##### Records for processing

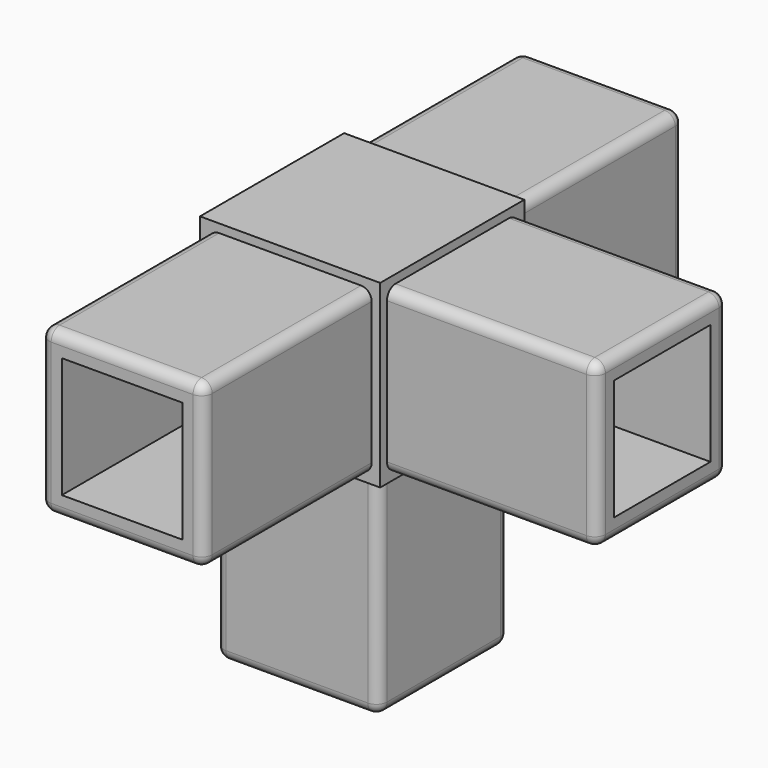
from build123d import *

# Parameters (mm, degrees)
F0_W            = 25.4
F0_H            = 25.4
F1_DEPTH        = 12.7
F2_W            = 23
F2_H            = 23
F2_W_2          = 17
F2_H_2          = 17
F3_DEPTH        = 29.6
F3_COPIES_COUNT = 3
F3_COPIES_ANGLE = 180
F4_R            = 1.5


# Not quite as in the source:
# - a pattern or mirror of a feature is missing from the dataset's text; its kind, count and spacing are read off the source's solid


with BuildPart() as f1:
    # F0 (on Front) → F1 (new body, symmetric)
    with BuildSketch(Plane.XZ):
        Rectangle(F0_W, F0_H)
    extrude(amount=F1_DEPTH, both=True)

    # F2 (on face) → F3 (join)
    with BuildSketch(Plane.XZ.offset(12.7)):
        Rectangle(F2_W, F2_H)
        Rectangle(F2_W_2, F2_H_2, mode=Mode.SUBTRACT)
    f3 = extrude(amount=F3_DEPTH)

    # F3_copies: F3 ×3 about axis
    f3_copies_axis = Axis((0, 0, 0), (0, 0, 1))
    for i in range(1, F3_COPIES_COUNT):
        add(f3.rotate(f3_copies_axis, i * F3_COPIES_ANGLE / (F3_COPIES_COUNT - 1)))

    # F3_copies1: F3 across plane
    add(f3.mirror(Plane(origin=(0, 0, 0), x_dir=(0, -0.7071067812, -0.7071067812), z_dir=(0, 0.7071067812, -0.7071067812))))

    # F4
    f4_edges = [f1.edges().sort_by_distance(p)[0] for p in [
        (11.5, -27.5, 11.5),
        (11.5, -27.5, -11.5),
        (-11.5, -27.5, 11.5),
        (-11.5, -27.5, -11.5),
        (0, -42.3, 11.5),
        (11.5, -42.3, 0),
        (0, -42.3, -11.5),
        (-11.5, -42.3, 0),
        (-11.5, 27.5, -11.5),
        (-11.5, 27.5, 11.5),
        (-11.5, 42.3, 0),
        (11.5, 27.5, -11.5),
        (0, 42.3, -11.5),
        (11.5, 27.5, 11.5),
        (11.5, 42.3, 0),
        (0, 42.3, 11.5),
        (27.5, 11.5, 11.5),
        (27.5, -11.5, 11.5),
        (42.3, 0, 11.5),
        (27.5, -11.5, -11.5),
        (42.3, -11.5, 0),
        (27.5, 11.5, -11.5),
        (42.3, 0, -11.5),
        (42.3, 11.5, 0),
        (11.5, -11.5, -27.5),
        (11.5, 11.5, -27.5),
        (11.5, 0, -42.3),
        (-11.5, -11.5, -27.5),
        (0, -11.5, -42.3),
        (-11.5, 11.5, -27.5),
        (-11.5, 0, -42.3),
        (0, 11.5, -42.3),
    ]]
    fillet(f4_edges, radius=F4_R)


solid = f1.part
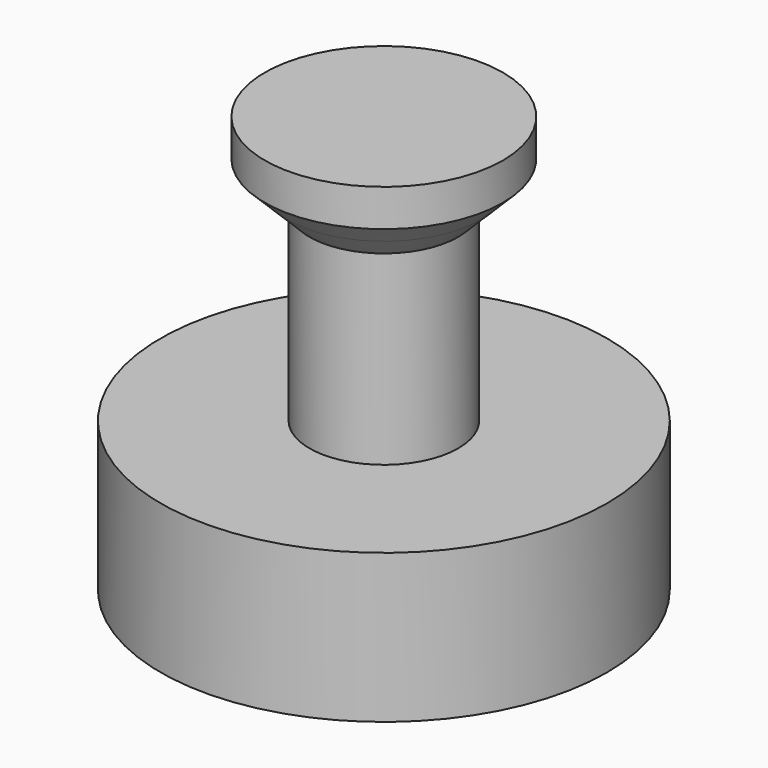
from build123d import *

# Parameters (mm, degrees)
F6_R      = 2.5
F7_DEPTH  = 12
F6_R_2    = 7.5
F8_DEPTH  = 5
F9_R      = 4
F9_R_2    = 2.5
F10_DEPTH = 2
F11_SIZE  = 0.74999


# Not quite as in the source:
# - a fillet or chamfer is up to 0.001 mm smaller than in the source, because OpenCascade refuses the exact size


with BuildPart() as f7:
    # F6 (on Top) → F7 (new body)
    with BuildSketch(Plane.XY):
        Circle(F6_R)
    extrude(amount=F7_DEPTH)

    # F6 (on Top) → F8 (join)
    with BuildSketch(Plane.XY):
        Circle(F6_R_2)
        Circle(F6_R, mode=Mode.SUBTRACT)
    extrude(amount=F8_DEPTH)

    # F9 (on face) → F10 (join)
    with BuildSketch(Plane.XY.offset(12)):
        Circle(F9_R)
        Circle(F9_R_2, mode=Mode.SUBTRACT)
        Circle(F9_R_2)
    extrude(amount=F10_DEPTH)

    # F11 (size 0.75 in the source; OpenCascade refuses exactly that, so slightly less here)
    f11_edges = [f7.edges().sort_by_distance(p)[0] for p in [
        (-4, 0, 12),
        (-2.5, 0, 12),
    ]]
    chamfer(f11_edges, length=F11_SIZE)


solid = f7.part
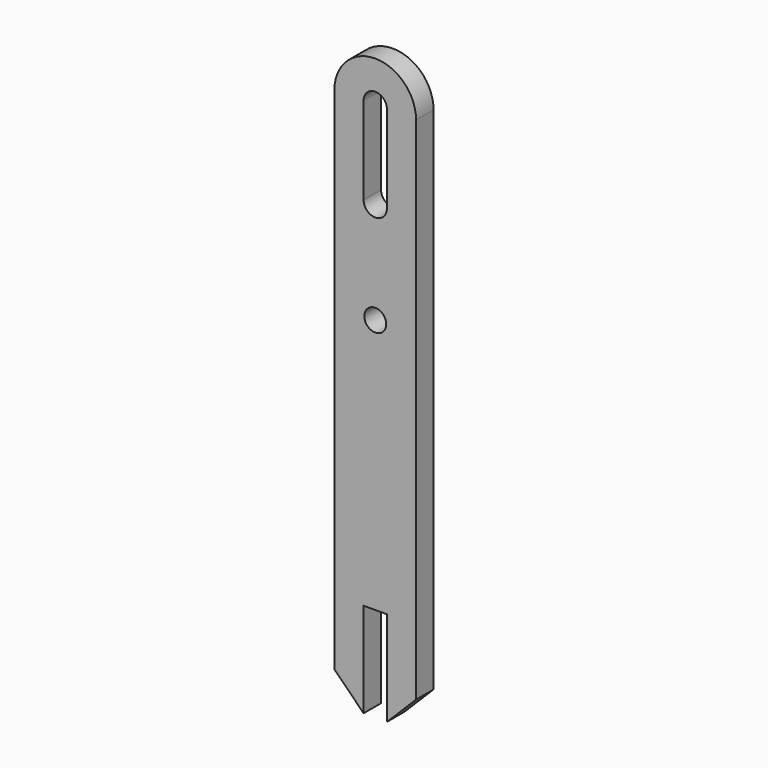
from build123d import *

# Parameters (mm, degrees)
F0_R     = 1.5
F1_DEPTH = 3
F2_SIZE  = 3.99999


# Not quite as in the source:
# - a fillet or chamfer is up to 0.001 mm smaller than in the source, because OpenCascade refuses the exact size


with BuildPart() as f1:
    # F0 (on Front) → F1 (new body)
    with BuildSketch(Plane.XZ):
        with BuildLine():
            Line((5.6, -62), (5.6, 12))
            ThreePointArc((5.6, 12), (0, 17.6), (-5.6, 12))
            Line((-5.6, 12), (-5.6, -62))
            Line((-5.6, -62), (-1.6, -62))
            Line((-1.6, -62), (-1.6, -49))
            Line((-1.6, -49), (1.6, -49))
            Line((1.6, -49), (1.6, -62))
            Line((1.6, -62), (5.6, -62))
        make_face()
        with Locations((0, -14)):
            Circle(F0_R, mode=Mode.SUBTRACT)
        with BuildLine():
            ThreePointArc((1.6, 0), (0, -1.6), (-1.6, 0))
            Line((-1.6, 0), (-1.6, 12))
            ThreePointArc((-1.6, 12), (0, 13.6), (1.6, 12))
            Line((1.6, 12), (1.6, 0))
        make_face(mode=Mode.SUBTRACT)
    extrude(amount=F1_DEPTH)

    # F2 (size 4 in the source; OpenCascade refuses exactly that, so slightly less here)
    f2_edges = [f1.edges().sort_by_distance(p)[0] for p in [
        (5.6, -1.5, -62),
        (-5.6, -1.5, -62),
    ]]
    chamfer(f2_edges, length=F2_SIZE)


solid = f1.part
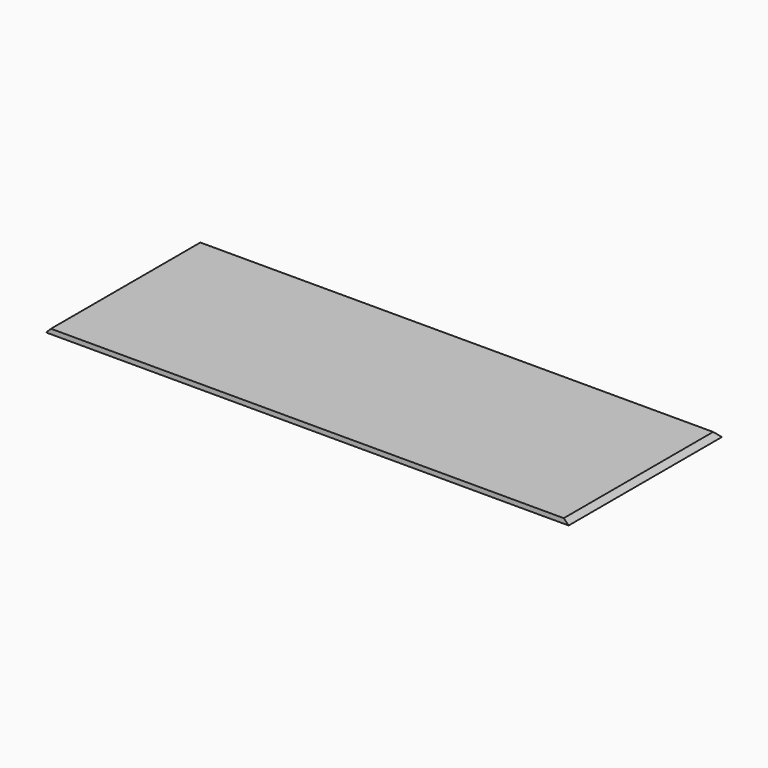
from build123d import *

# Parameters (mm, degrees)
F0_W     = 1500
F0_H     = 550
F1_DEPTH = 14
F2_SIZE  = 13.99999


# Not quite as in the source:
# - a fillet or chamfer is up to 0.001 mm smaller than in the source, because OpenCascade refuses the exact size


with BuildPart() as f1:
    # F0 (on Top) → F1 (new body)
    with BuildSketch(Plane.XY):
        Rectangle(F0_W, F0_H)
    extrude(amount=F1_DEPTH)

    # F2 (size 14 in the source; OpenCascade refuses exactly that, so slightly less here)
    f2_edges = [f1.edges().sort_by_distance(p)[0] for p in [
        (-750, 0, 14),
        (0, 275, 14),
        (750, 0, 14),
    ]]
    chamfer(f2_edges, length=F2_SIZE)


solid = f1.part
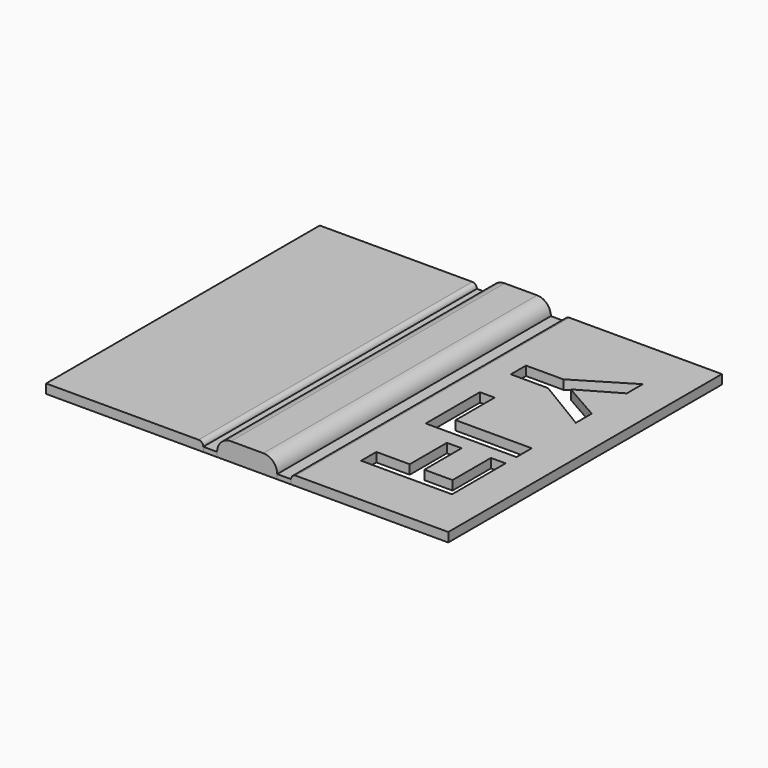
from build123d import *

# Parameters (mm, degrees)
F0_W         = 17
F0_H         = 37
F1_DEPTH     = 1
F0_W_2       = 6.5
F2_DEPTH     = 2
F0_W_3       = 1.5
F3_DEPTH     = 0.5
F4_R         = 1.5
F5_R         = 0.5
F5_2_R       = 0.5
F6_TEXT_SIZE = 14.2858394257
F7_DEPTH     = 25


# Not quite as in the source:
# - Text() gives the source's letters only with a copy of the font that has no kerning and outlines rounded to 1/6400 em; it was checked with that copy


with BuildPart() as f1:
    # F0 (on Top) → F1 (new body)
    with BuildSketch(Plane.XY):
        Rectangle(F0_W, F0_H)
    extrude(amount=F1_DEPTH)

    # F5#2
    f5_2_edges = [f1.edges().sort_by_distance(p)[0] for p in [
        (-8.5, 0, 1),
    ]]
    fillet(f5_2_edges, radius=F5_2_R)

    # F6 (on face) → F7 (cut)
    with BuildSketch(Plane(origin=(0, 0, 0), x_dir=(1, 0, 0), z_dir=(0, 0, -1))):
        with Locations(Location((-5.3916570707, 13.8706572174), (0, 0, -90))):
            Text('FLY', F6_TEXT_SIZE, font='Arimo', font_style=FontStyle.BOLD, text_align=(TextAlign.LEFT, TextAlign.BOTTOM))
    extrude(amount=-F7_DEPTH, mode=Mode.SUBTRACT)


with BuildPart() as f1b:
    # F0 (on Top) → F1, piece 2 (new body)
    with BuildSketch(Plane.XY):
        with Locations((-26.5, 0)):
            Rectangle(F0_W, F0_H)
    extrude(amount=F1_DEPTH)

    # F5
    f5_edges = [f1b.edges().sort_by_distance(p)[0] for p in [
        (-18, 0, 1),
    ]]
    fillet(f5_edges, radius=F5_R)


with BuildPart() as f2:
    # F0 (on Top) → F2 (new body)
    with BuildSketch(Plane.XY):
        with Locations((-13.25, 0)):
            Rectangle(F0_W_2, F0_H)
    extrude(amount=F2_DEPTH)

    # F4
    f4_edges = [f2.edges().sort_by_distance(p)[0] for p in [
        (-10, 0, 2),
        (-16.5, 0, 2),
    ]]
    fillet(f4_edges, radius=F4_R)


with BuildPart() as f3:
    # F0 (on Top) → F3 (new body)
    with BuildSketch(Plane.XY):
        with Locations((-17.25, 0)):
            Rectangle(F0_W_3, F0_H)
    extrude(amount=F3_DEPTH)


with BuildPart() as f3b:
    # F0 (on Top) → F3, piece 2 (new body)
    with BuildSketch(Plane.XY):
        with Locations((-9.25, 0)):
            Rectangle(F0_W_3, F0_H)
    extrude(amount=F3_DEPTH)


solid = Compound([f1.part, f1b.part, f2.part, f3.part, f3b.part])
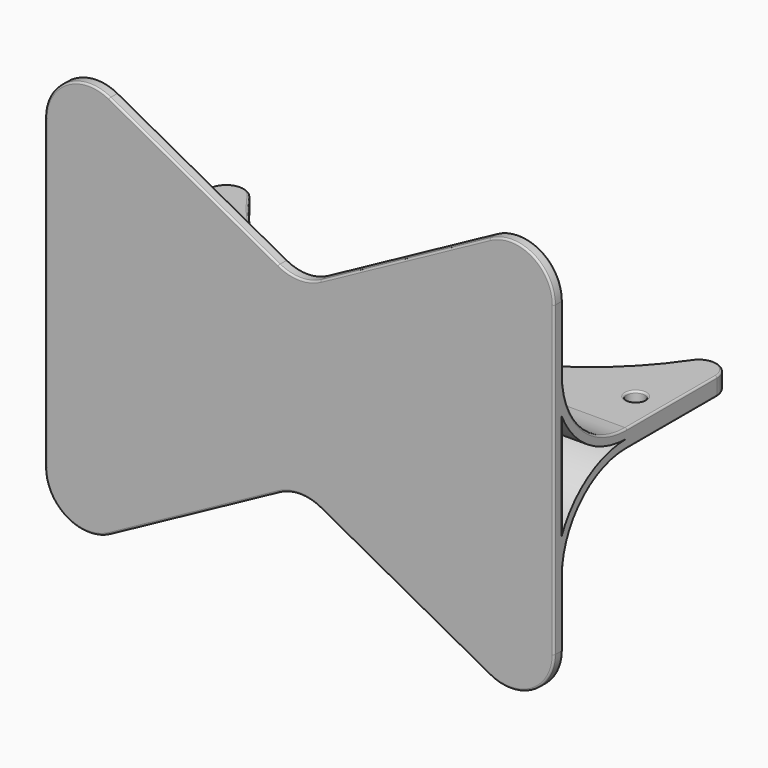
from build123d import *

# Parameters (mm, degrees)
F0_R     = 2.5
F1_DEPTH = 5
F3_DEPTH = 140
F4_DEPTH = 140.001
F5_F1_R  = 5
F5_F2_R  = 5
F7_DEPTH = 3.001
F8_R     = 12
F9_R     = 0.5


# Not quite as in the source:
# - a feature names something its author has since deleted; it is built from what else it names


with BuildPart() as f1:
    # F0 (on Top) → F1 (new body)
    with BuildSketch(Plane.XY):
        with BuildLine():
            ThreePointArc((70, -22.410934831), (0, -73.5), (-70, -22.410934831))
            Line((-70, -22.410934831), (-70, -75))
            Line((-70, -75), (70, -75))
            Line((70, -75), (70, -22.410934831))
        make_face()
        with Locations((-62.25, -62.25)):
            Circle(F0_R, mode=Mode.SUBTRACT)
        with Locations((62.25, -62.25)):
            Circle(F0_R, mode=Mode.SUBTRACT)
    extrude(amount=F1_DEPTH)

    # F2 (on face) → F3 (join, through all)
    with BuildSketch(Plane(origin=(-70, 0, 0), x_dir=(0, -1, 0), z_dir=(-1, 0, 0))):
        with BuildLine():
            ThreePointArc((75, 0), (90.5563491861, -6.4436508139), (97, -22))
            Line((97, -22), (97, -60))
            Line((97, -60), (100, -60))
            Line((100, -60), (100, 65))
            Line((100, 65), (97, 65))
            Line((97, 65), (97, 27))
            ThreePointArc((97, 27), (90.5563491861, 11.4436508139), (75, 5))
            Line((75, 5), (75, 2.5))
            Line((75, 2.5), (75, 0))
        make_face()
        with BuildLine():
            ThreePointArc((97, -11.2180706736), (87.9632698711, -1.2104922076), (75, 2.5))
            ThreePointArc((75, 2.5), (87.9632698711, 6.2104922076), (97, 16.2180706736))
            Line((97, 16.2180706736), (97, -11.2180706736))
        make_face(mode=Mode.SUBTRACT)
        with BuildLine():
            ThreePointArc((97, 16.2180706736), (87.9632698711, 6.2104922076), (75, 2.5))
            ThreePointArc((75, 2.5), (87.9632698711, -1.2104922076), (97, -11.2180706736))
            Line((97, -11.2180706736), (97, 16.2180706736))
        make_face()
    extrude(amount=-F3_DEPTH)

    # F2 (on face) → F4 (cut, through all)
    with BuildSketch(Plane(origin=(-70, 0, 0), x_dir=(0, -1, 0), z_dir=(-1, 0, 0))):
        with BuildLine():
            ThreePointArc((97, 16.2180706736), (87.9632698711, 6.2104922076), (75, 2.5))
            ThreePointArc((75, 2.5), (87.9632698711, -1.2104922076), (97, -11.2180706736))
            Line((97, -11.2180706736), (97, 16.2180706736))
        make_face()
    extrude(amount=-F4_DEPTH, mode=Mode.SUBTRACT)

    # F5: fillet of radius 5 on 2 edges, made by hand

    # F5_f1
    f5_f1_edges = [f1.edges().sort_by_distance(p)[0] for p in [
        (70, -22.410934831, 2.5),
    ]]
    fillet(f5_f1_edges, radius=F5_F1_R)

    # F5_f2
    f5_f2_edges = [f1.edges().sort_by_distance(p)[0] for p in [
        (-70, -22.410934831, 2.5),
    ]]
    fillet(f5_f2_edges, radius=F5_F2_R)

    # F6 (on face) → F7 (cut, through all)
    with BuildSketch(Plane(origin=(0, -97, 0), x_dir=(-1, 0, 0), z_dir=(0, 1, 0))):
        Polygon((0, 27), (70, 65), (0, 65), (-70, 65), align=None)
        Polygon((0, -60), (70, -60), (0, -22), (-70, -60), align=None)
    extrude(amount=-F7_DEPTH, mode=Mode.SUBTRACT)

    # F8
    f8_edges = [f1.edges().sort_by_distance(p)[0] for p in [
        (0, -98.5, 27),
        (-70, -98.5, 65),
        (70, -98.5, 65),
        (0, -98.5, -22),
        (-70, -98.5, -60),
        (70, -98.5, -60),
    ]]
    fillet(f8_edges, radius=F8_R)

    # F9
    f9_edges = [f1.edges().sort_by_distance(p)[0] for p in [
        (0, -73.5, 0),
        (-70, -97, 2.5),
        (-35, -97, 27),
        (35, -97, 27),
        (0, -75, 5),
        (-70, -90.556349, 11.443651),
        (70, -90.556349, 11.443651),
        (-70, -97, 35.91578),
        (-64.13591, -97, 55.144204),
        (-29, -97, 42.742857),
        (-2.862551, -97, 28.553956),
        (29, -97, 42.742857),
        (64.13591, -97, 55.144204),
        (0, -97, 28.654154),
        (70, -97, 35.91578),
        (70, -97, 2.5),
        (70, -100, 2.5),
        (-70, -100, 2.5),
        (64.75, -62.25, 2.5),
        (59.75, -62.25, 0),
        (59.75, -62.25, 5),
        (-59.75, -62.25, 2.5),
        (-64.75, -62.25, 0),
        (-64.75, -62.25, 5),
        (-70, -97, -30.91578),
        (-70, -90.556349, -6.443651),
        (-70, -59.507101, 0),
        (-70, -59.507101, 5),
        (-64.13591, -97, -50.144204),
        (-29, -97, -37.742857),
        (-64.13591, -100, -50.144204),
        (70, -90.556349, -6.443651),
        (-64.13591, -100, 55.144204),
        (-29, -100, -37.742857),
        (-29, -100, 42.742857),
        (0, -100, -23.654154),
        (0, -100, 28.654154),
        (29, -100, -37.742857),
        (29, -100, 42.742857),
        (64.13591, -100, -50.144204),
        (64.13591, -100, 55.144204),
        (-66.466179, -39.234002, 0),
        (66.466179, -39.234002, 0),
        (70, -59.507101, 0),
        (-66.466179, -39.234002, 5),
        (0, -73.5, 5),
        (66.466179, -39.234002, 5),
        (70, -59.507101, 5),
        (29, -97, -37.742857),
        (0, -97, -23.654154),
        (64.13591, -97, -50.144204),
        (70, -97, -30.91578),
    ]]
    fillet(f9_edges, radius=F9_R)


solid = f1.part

##########

[Your objective]
Reading down the material above, count how many lines contain the word "radius". Respond with the number by itself.

[Final answer]
9